Her-indienen van risicoprojecten
In de kamerbrief waarin de openstelling van de SDE++ is aangekondigd, wordt nog gesproken over het verlengen van de realisatietermijn. Het doel is om projecten die nu dreigen niet gerealiseerd te worden, extra tijd te bieden voor realisatie.
Tegelijkertijd zien we ook dat in de SDE++ ronde van 2023 al in een oplossing voorzien wordt, doordat het mogelijk is om projecten opnieuw in te dienen. Bestaande, maar nog niet gerealiseerde, SDE++ projecten komen voor her-indiening in aanmerking wanneer deze onder hun eerdere beschikking niet meer gerealiseerd kunnen worden. Hiermee kan een groot deel van de pijplijn die “at risk” is, dus gered worden. Het her-indienen van een subsidieaanvraag betekent ook dat de realisatietermijn opnieuw ingaat, dit zorgt ervoor dat projecten die bijvoorbeeld door netcongestie onverwacht lang moeten wachten op een aansluiting toch gerealiseerd kunnen worden. Door de voorwaarde dat men de bestaande beschikking wel inlevert, bewaakt het Ministerie dat er voldoende concurrentie tussen de verschillende aanvragen blijft bestaan.
Er wordt nog door het Ministerie gekeken of aanvullend hierop nog tot verdere veranderingen zou moeten leiden. Brancheorganisatie hebben zich de afgelopen tijd hard gemaakt voor de mogelijkheid tot her-indienen van projecten en is daarom blij dat het Ministerie dit mogelijk maakt. Desalniettemin als mogelijkheden er zijn om ook nog een jaar extra realisatietermijn voor beschikkingen van de jaren 2019 t/m 2022 zou dit zeer positief zijn.
Transportindicaties
Voorkomen moet worden dat her-indiening en nieuwe projecten vastlopen op een negatieve transport-indicatie.
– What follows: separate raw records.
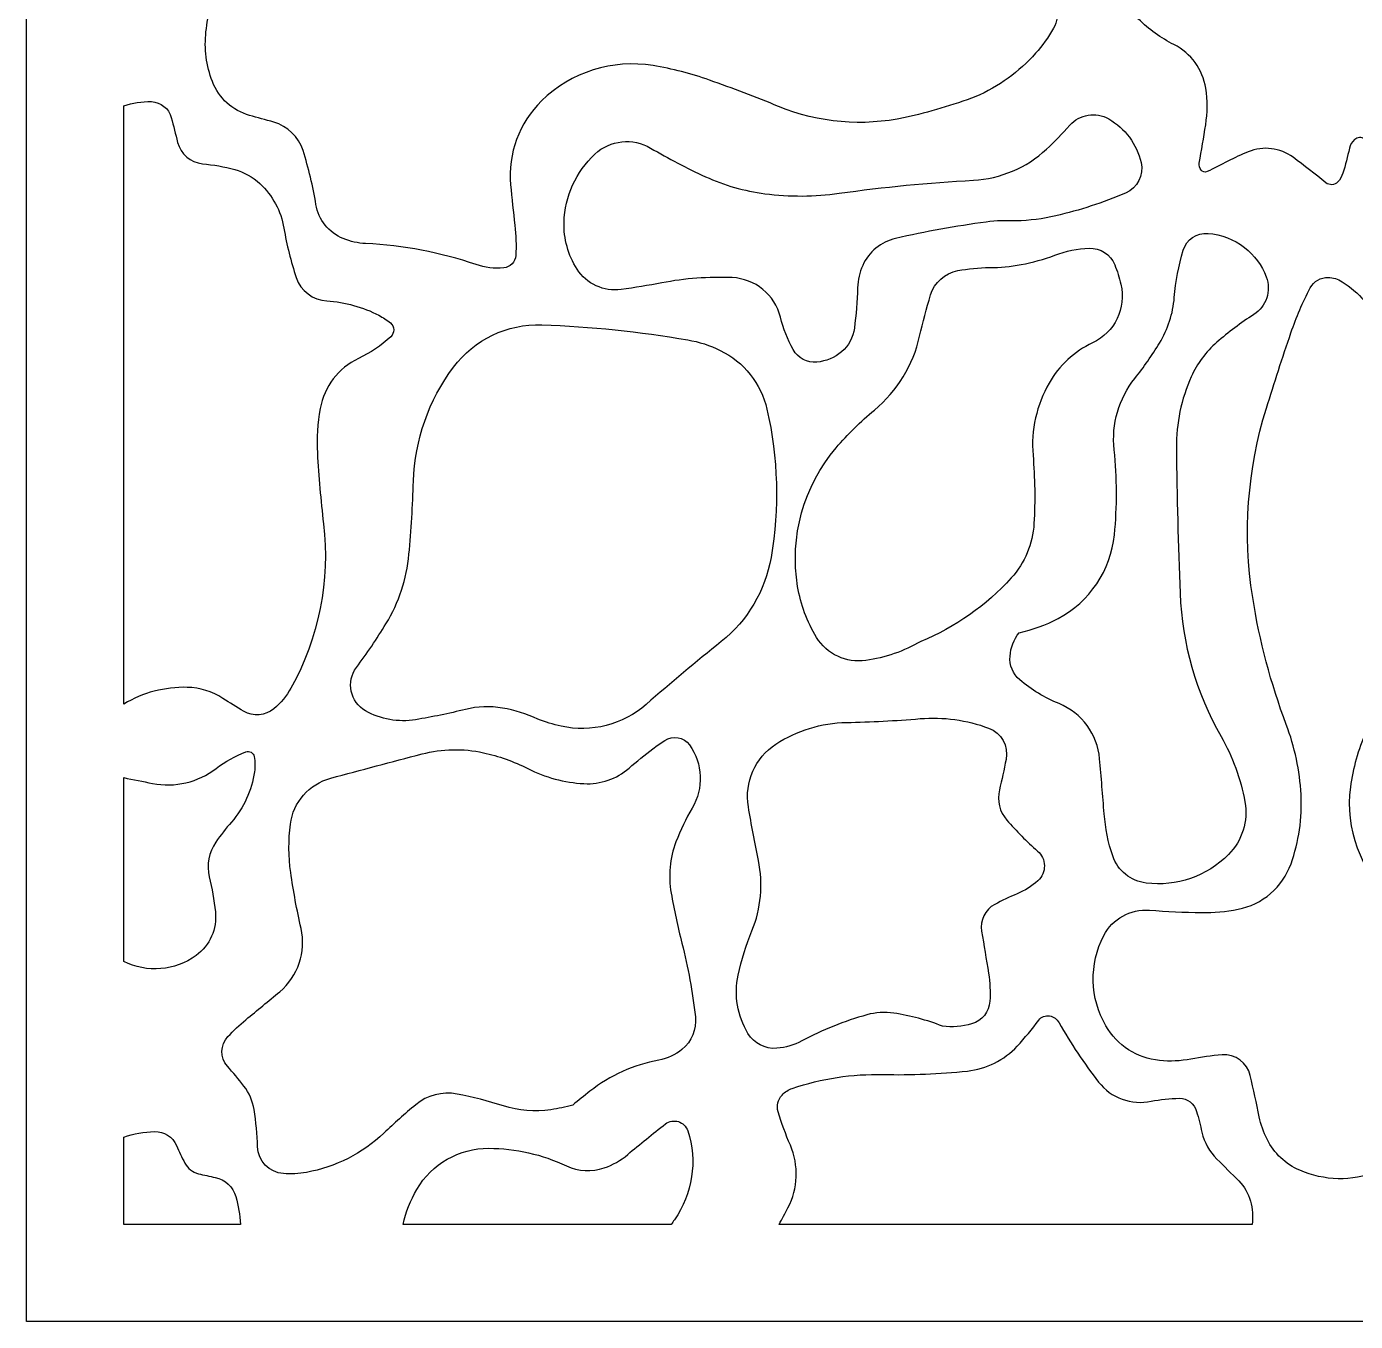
# Model space of a CAD drawing. Header units: centimetres. Extents: x -13.3 to -1.5, y 2.9 to 9.
# Drawn here: x -13.328 to -10.194, y 2.889 to 5.945 of the extents above; entities that cross this region are included whole.
import ezdxf

# ---------------------------------------------------------------- set-up
doc = ezdxf.new("R2010")
doc.units = ezdxf.units.CM
doc.header["$MEASUREMENT"] = 0
doc.layers.add('layer 1', color=7, linetype='Continuous')

msp = doc.modelspace()

# ---------------------------------------------------------------- linework, layer by layer
at = {"layer": 'layer 1', "color": 250}
for points, knots in [([(-1.49953, 2.88948), (-1.49953, 2.88948), (-1.49953, 9.00077), (-1.49953, 9.00077), (-1.49953, 9.00077), (-1.49953, 9.00077), (-13.32779, 9.00077), (-13.32779, 9.00077), (-13.32779, 9.00077), (-13.32779, 9.00077), (-13.32779, 2.88948), (-13.32779, 2.88948), (-13.32779, 2.88948), (-13.32779, 2.88948), (-1.49953, 2.88948), (-1.49953, 2.88948)], [0, 0, 0, 0, 0.2, 0.2, 0.2, 0.2, 0.4, 0.4, 0.4, 0.4, 0.6, 0.6, 0.6, 0.6, 1, 1, 1, 1]), ([(-11.08914, 5.77974), (-11.03516, 5.80316), (-10.98696, 5.83808), (-10.94788, 5.88209), (-10.94788, 5.88209), (-10.9318, 5.90017), (-10.9177, 5.91991), (-10.90582, 5.94099), (-10.90582, 5.94099), (-10.88803, 5.97256), (-10.8944, 6.0122), (-10.92123, 6.03656), (-10.92123, 6.03656), (-10.95981, 6.0716), (-11.00372, 6.10024), (-11.05134, 6.1214), (-11.05134, 6.1214), (-11.10802, 6.14659), (-11.16204, 6.1774), (-11.21258, 6.21336), (-11.21258, 6.21336), (-11.26059, 6.24751), (-11.32104, 6.2591), (-11.37827, 6.24508), (-11.37827, 6.24508), (-11.43305, 6.23168), (-11.48619, 6.21225), (-11.5367, 6.18716), (-11.5367, 6.18716), (-11.54937, 6.18087), (-11.56207, 6.17464), (-11.5748, 6.16847), (-11.5748, 6.16847), (-11.69521, 6.11012), (-11.82954, 6.08638), (-11.96265, 6.09987), (-11.96265, 6.09987), (-12.01087, 6.10476), (-12.05831, 6.11556), (-12.10389, 6.132), (-12.10389, 6.132), (-12.15456, 6.15026), (-12.18655, 6.20045), (-12.18181, 6.2541), (-12.18181, 6.2541), (-12.17696, 6.30855), (-12.17115, 6.36292), (-12.16438, 6.41716), (-12.16438, 6.41716), (-12.1614, 6.44095), (-12.16906, 6.46482), (-12.18532, 6.48243), (-12.18532, 6.48243), (-12.19885, 6.49705), (-12.21703, 6.50651), (-12.23678, 6.50917), (-12.23678, 6.50917), (-12.29128, 6.51653), (-12.34658, 6.50402), (-12.39259, 6.47389), (-12.39259, 6.47389), (-12.41391, 6.45993), (-12.44092, 6.45785), (-12.46413, 6.46835), (-12.46413, 6.46835), (-12.48594, 6.47823), (-12.50723, 6.4892), (-12.52791, 6.50124), (-12.52791, 6.50124), (-12.53936, 6.50789), (-12.55327, 6.50877), (-12.56546, 6.5036), (-12.56546, 6.5036), (-12.57765, 6.49843), (-12.58667, 6.48792), (-12.58985, 6.47506), (-12.58985, 6.47506), (-12.60003, 6.43415), (-12.61123, 6.39348), (-12.62342, 6.35312), (-12.62342, 6.35312), (-12.64157, 6.29306), (-12.68301, 6.24272), (-12.73844, 6.21334), (-12.73844, 6.21334), (-12.80318, 6.17902), (-12.85266, 6.12172), (-12.87715, 6.05267), (-12.87715, 6.05267), (-12.89089, 6.01393), (-12.90012, 5.97375), (-12.90465, 5.9329), (-12.90465, 5.9329), (-12.90908, 5.89304), (-12.90391, 5.85272), (-12.88955, 5.81527), (-12.88955, 5.81527), (-12.87459, 5.77625), (-12.84202, 5.74667), (-12.80174, 5.73555), (-12.80174, 5.73555), (-12.7828, 5.73032), (-12.76388, 5.72499), (-12.74499, 5.71956), (-12.74499, 5.71956), (-12.71215, 5.71013), (-12.68618, 5.68488), (-12.67577, 5.65233), (-12.67577, 5.65233), (-12.66251, 5.61081), (-12.65232, 5.56835), (-12.64529, 5.52533), (-12.64529, 5.52533), (-12.63936, 5.48905), (-12.61499, 5.45852), (-12.58091, 5.44474), (-12.58091, 5.44474), (-12.56407, 5.43792), (-12.54621, 5.43398), (-12.52806, 5.4331), (-12.52806, 5.4331), (-12.43932, 5.4288), (-12.35159, 5.41208), (-12.26748, 5.38346), (-12.26748, 5.38346), (-12.24653, 5.37633), (-12.22433, 5.37366), (-12.20228, 5.37563), (-12.20228, 5.37563), (-12.18701, 5.37699), (-12.17504, 5.38928), (-12.17411, 5.40459), (-12.17411, 5.40459), (-12.17264, 5.42851), (-12.1733, 5.4525), (-12.17609, 5.47631), (-12.17609, 5.47631), (-12.1798, 5.508), (-12.18311, 5.53974), (-12.18602, 5.57152), (-12.18602, 5.57152), (-12.19278, 5.64526), (-12.16595, 5.71816), (-12.11304, 5.76997), (-12.11304, 5.76997), (-12.04366, 5.83791), (-11.94597, 5.86871), (-11.85015, 5.85293), (-11.85015, 5.85293), (-11.80485, 5.84546), (-11.76029, 5.83402), (-11.71699, 5.81874), (-11.71699, 5.81874), (-11.66219, 5.79936), (-11.60786, 5.77863), (-11.55409, 5.75657), (-11.55409, 5.75657), (-11.45952, 5.71778), (-11.35543, 5.70871), (-11.25558, 5.73059), (-11.25558, 5.73059), (-11.199, 5.74299), (-11.14339, 5.75941), (-11.08915, 5.77974), (-11.08915, 5.77974), (-11.08915, 5.77974), (-11.08914, 5.77974), (-11.08914, 5.77974)], [0, 0, 0, 0, 0.0232558, 0.0232558, 0.0232558, 0.0232558, 0.0465116, 0.0465116, 0.0465116, 0.0465116, 0.0697674, 0.0697674, 0.0697674, 0.0697674, 0.0930233, 0.0930233, 0.0930233, 0.0930233, 0.1162791, 0.1162791, 0.1162791, 0.1162791, 0.1395349, 0.1395349, 0.1395349, 0.1395349, 0.1627907, 0.1627907, 0.1627907, 0.1627907, 0.1860465, 0.1860465, 0.1860465, 0.1860465, 0.2093023, 0.2093023, 0.2093023, 0.2093023, 0.2325581, 0.2325581, 0.2325581, 0.2325581, 0.255814, 0.255814, 0.255814, 0.255814, 0.2790698, 0.2790698, 0.2790698, 0.2790698, 0.3023256, 0.3023256, 0.3023256, 0.3023256, 0.3255814, 0.3255814, 0.3255814, 0.3255814, 0.3488372, 0.3488372, 0.3488372, 0.3488372, 0.372093, 0.372093, 0.372093, 0.372093, 0.3953488, 0.3953488, 0.3953488, 0.3953488, 0.4186047, 0.4186047, 0.4186047, 0.4186047, 0.4418605, 0.4418605, 0.4418605, 0.4418605, 0.4651163, 0.4651163, 0.4651163, 0.4651163, 0.4883721, 0.4883721, 0.4883721, 0.4883721, 0.5116279, 0.5116279, 0.5116279, 0.5116279, 0.5348837, 0.5348837, 0.5348837, 0.5348837, 0.5581395, 0.5581395, 0.5581395, 0.5581395, 0.5813953, 0.5813953, 0.5813953, 0.5813953, 0.6046512, 0.6046512, 0.6046512, 0.6046512, 0.627907, 0.627907, 0.627907, 0.627907, 0.6511628, 0.6511628, 0.6511628, 0.6511628, 0.6744186, 0.6744186, 0.6744186, 0.6744186, 0.6976744, 0.6976744, 0.6976744, 0.6976744, 0.7209302, 0.7209302, 0.7209302, 0.7209302, 0.744186, 0.744186, 0.744186, 0.744186, 0.7674419, 0.7674419, 0.7674419, 0.7674419, 0.7906977, 0.7906977, 0.7906977, 0.7906977, 0.8139535, 0.8139535, 0.8139535, 0.8139535, 0.8372093, 0.8372093, 0.8372093, 0.8372093, 0.8604651, 0.8604651, 0.8604651, 0.8604651, 0.8837209, 0.8837209, 0.8837209, 0.8837209, 0.9069767, 0.9069767, 0.9069767, 0.9069767, 0.9302326, 0.9302326, 0.9302326, 0.9302326, 0.9534884, 0.9534884, 0.9534884, 0.9534884, 1, 1, 1, 1]), ([(-9.8036, 5.99027), (-9.80466, 6.00452), (-9.80799, 6.0185), (-9.81348, 6.03169), (-9.81348, 6.03169), (-9.81925, 6.04555), (-9.83128, 6.05582), (-9.84588, 6.05932), (-9.84588, 6.05932), (-9.85731, 6.06206), (-9.86892, 6.06394), (-9.88063, 6.06492), (-9.88063, 6.06492), (-9.90608, 6.06705), (-9.92759, 6.08473), (-9.93464, 6.10929), (-9.93464, 6.10929), (-9.94366, 6.14076), (-9.94733, 6.17354), (-9.9455, 6.20624), (-9.9455, 6.20624), (-9.94416, 6.23014), (-9.94206, 6.254), (-9.9392, 6.27777), (-9.9392, 6.27777), (-9.93459, 6.31633), (-9.9556, 6.35338), (-9.9911, 6.36914), (-9.9911, 6.36914), (-10.01409, 6.37935), (-10.041, 6.37364), (-10.05784, 6.35496), (-10.05784, 6.35496), (-10.06847, 6.34318), (-10.07884, 6.33116), (-10.08896, 6.31894), (-10.08896, 6.31894), (-10.10618, 6.29808), (-10.13707, 6.29513), (-10.15798, 6.31229), (-10.15798, 6.31229), (-10.18617, 6.33545), (-10.21905, 6.35218), (-10.25435, 6.36133), (-10.25435, 6.36133), (-10.26597, 6.36433), (-10.2783, 6.36252), (-10.28855, 6.35629), (-10.28855, 6.35629), (-10.2988, 6.35007), (-10.30609, 6.34002), (-10.30878, 6.32833), (-10.30878, 6.32833), (-10.31187, 6.31498), (-10.3199, 6.30327), (-10.33125, 6.29557), (-10.33125, 6.29557), (-10.34148, 6.28868), (-10.3547, 6.28795), (-10.36563, 6.29369), (-10.36563, 6.29369), (-10.40195, 6.31272), (-10.43869, 6.33093), (-10.47583, 6.34829), (-10.47583, 6.34829), (-10.48764, 6.3538), (-10.50124, 6.35398), (-10.51319, 6.34879), (-10.51319, 6.34879), (-10.52514, 6.34359), (-10.53427, 6.33359), (-10.53829, 6.3212), (-10.53829, 6.3212), (-10.55045, 6.28384), (-10.56002, 6.24569), (-10.56692, 6.20701), (-10.56692, 6.20701), (-10.56867, 6.19718), (-10.57042, 6.18736), (-10.57215, 6.17753), (-10.57215, 6.17753), (-10.58082, 6.12838), (-10.60759, 6.08423), (-10.64714, 6.05378), (-10.64714, 6.05378), (-10.6669, 6.03856), (-10.68605, 6.02256), (-10.70452, 6.0058), (-10.70452, 6.0058), (-10.71055, 6.00033), (-10.71405, 5.99264), (-10.71423, 5.98451), (-10.71423, 5.98451), (-10.7144, 5.97637), (-10.71125, 5.96856), (-10.70546, 5.96284), (-10.70546, 5.96284), (-10.68083, 5.93847), (-10.65253, 5.91813), (-10.62157, 5.90257), (-10.62157, 5.90257), (-10.58139, 5.88237), (-10.55345, 5.84394), (-10.54659, 5.79951), (-10.54659, 5.79951), (-10.54217, 5.77088), (-10.54223, 5.74173), (-10.54675, 5.71311), (-10.54675, 5.71311), (-10.55151, 5.68307), (-10.55653, 5.65307), (-10.56183, 5.62312), (-10.56183, 5.62312), (-10.56287, 5.61723), (-10.5614, 5.61118), (-10.55777, 5.60642), (-10.55777, 5.60642), (-10.55444, 5.60207), (-10.54856, 5.6006), (-10.54358, 5.60288), (-10.54358, 5.60288), (-10.52695, 5.6105), (-10.51054, 5.61861), (-10.49438, 5.62719), (-10.49438, 5.62719), (-10.4787, 5.63551), (-10.46262, 5.64305), (-10.44619, 5.64976), (-10.44619, 5.64976), (-10.41112, 5.6641), (-10.37108, 5.65906), (-10.34062, 5.63654), (-10.34062, 5.63654), (-10.3144, 5.61714), (-10.28863, 5.59714), (-10.26332, 5.57658), (-10.26332, 5.57658), (-10.25494, 5.56978), (-10.24275, 5.57056), (-10.23533, 5.5784), (-10.23533, 5.5784), (-10.22979, 5.58423), (-10.22567, 5.59125), (-10.22328, 5.59893), (-10.22328, 5.59893), (-10.21721, 5.61843), (-10.21202, 5.63818), (-10.2077, 5.65814), (-10.2077, 5.65814), (-10.20598, 5.66606), (-10.20173, 5.67322), (-10.1956, 5.67853), (-10.1956, 5.67853), (-10.1889, 5.68435), (-10.17904, 5.68472), (-10.1719, 5.67945), (-10.1719, 5.67945), (-10.15303, 5.66551), (-10.13556, 5.64975), (-10.11973, 5.63243), (-10.11973, 5.63243), (-10.08306, 5.59233), (-10.02164, 5.58751), (-9.97926, 5.62153), (-9.97926, 5.62153), (-9.95594, 5.64023), (-9.94657, 5.67135), (-9.95573, 5.69981), (-9.95573, 5.69981), (-9.97251, 5.75195), (-9.96716, 5.80874), (-9.94096, 5.85685), (-9.94096, 5.85685), (-9.92624, 5.88388), (-9.89721, 5.89999), (-9.86648, 5.89822), (-9.86648, 5.89822), (-9.8356, 5.89644), (-9.8085, 5.91853), (-9.80409, 5.94915), (-9.80409, 5.94915), (-9.80212, 5.96278), (-9.80196, 5.9766), (-9.8036, 5.99027)], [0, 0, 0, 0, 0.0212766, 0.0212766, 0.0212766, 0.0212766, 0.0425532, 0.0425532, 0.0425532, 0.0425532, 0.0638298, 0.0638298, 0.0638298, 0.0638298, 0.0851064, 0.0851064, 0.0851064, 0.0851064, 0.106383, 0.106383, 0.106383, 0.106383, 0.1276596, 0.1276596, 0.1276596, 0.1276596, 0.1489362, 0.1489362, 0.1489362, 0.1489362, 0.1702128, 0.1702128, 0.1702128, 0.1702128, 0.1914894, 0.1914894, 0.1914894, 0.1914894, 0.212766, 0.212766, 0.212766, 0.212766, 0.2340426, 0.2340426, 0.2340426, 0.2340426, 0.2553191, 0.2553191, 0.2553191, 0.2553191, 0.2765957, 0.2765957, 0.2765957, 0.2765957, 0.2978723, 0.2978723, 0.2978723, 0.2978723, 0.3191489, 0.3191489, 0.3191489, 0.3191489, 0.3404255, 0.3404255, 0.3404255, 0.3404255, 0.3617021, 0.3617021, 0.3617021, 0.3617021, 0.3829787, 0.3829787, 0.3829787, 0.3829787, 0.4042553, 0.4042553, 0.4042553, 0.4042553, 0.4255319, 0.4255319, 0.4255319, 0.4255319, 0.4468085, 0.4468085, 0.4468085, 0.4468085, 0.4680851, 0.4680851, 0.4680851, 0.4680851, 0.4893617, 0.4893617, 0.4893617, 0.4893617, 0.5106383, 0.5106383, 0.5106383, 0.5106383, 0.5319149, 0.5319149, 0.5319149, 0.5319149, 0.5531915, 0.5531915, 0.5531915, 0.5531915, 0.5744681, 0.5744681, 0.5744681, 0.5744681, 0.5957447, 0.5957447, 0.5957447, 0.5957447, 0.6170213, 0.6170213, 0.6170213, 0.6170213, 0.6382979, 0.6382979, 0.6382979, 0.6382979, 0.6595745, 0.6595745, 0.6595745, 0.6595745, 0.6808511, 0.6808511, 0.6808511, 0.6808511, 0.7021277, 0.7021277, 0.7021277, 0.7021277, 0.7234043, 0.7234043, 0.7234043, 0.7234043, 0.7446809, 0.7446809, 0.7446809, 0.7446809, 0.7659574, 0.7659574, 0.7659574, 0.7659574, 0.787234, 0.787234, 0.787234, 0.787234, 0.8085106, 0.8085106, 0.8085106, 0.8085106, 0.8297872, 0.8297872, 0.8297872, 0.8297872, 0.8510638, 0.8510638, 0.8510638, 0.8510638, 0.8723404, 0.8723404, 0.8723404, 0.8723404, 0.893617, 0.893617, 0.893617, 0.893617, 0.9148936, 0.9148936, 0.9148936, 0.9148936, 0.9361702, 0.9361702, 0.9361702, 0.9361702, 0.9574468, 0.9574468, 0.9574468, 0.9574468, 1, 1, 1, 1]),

Her-indiening kan zonder het opnieuw aanvragen van transportindicatie is de gedachte. De transport-indicatie via de Tweede Kamer zou op on-hold gezet moeten worden. Doordat de congestieonderzoeken ‘nieuwe stijl’, die vanaf november 2022 verplicht zijn, niet op tijd zijn uitgevoerd door de netbeheerders, is dit wellicht niet juist om een negatieve transport-indicatie af te geven voor nieuwe projecten. We weten immers helemaal niet zeker of er inderdaad geen ruimte zou zijn voor die nieuwe projecten, totdat deze congestieonderzoeken afgerond zijn.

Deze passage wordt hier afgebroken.